How manufacturers can optimize their productivity, quality, and efficiency with augmented reality.
With the advent of Manufacturing 4.0, most industrial companies are now recognizing the need to modernize their production and quality control processes, and to integrate innovative tools into their strategy. Digital solutions have long been used for the design and simulation of manufactured products. However, M 4.0 technologies are still not widely deployed in manufacturing despite the significant gains they bring in productivity, quality, and efficiency of operations in industrial markets that are increasingly competitive and subject to strong cost pressures.
The reason for limited deployment is often the lack of knowledge of the relevant use cases illustrating the ROI digital tools can generate. This has been the case for many digital tools (IoT, artificial intelligence, robotics, etc.) appearing in production or maintenance centers and within quality processes for some years now. How can manufacturers distinguish between projects that have never gone beyond the POC stage and those that have really been deployed and proven to bring value?

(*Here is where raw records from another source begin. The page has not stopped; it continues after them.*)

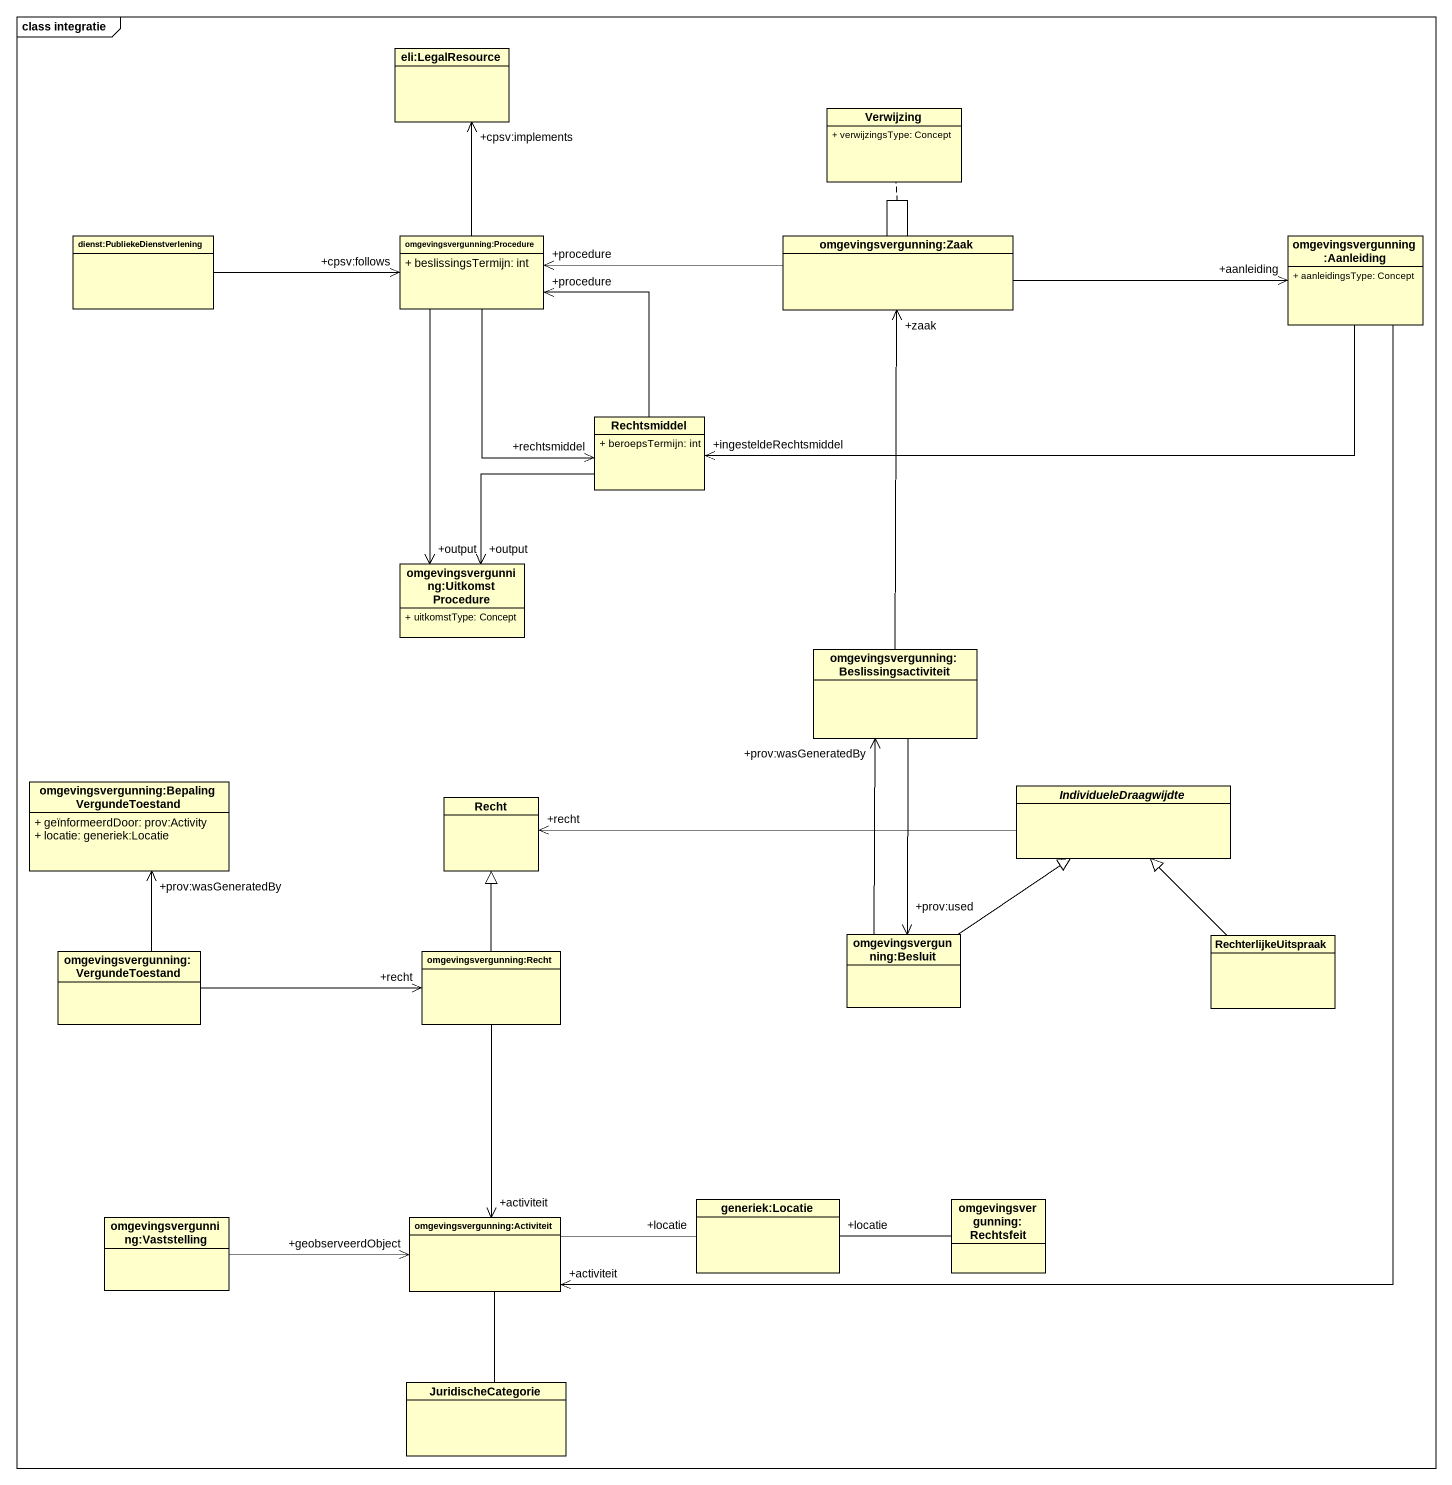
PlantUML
@startuml
mainframe class integratie
hide circle
hide empty members
skinparam classAttributeIconSize 0
class "eli:LegalResource" as eli_LegalResource
class Verwijzing {
  + verwijzingsType: Concept
}
class "dienst:PubliekeDienstverlening" as dienst_PubliekeDienstverleni
class "omgevingsvergunning:Procedure" as omgevingsvergunning {
  + beslissingsTermijn: int
}
class "omgevingsvergunning:Zaak" as omgevingsvergunning_Zaak
class "omgevingsvergunning:Aanleiding" as omgevingsvergunning_2 {
  + aanleidingsType: Concept
}
class Rechtsmiddel {
  + beroepsTermijn: int
}
class "omgevingsvergunning:UitkomstProcedure" as omgevingsvergunning_3 {
  + uitkomstType: Concept
}
class "omgevingsvergunning:Beslissingsactiviteit" as omgevingsvergunning_4
class "omgevingsvergunning:BepalingVergundeToestand" as omgevingsvergunning_5 {
  + geïnformeerdDoor: prov:Activity
  + locatie: generiek:Locatie
}
class Recht
abstract class IndividueleDraagwijdte
class "omgevingsvergunning:VergundeToestand" as omgevingsvergunning_6
class "omgevingsvergunning:Recht" as omgevingsvergunning_Recht
class "omgevingsvergunning:Besluit" as omgevingsvergunning_Besluit
class RechterlijkeUitspraak
class "generiek:Locatie" as generiek_Locatie
class "omgevingsvergunning:Rechtsfeit" as omgevingsvergunning_7
class "omgevingsvergunning:Vaststelling" as omgevingsvergunning_8
class "omgevingsvergunning:Activiteit" as omgevingsvergunning_9
class JuridischeCategorie
dienst_PubliekeDienstverleni -right-> "+cpsv:follows" omgevingsvergunning
omgevingsvergunning -up-> "+cpsv:implements" eli_LegalResource
omgevingsvergunning --> "+rechtsmiddel" Rechtsmiddel
omgevingsvergunning --> "+output" omgevingsvergunning_3
omgevingsvergunning_Zaak -left-> "+procedure" omgevingsvergunning
omgevingsvergunning_Zaak -- omgevingsvergunning_Zaak
(omgevingsvergunning_Zaak, omgevingsvergunning_Zaak) .. Verwijzing
omgevingsvergunning_Zaak -right-> "+aanleiding" omgevingsvergunning_2
omgevingsvergunning_2 -left-> "+ingesteldeRechtsmiddel" Rechtsmiddel
omgevingsvergunning_2 --> "+activiteit" omgevingsvergunning_9
Rechtsmiddel -up-> "+procedure" omgevingsvergunning
Rechtsmiddel --> "+output" omgevingsvergunning_3
omgevingsvergunning_4 -up-> "+zaak" omgevingsvergunning_Zaak
omgevingsvergunning_4 --> "+prov:used" omgevingsvergunning_Besluit
IndividueleDraagwijdte -left-> "+recht" Recht
omgevingsvergunning_6 -up-> "+prov:wasGeneratedBy" omgevingsvergunning_5
omgevingsvergunning_6 -right-> "+recht" omgevingsvergunning_Recht
omgevingsvergunning_Recht -up-|> Recht
omgevingsvergunning_Recht --> "+activiteit" omgevingsvergunning_9
omgevingsvergunning_Besluit -up-> "+prov:wasGeneratedBy" omgevingsvergunning_4
omgevingsvergunning_Besluit -up-|> IndividueleDraagwijdte
RechterlijkeUitspraak -up-|> IndividueleDraagwijdte
omgevingsvergunning_7 -left- "+locatie" generiek_Locatie
omgevingsvergunning_8 -right-> "+geobserveerdObject" omgevingsvergunning_9
omgevingsvergunning_9 -right- "+locatie" generiek_Locatie
omgevingsvergunning_9 -- JuridischeCategorie
@enduml

Several gains are at stake: reduction of cycle times, right the first time (reduced levels of non-conformities), reduction in costs due to defects detected too late in the process, improved traceability and digital continuity, and even increase in competence and comfort of work for operators.
Production and maintenance operations have everything to gain by integrating transformative technologies such as augmented reality. AR is particularly relevant for products with complex and variable configurations as found in many industries. It is also a suitable solution for all sectors with similar characteristics and constraints of MRO applications.
“Production and maintenance operations have everything to gain by integrating transformative technologies such as AR.”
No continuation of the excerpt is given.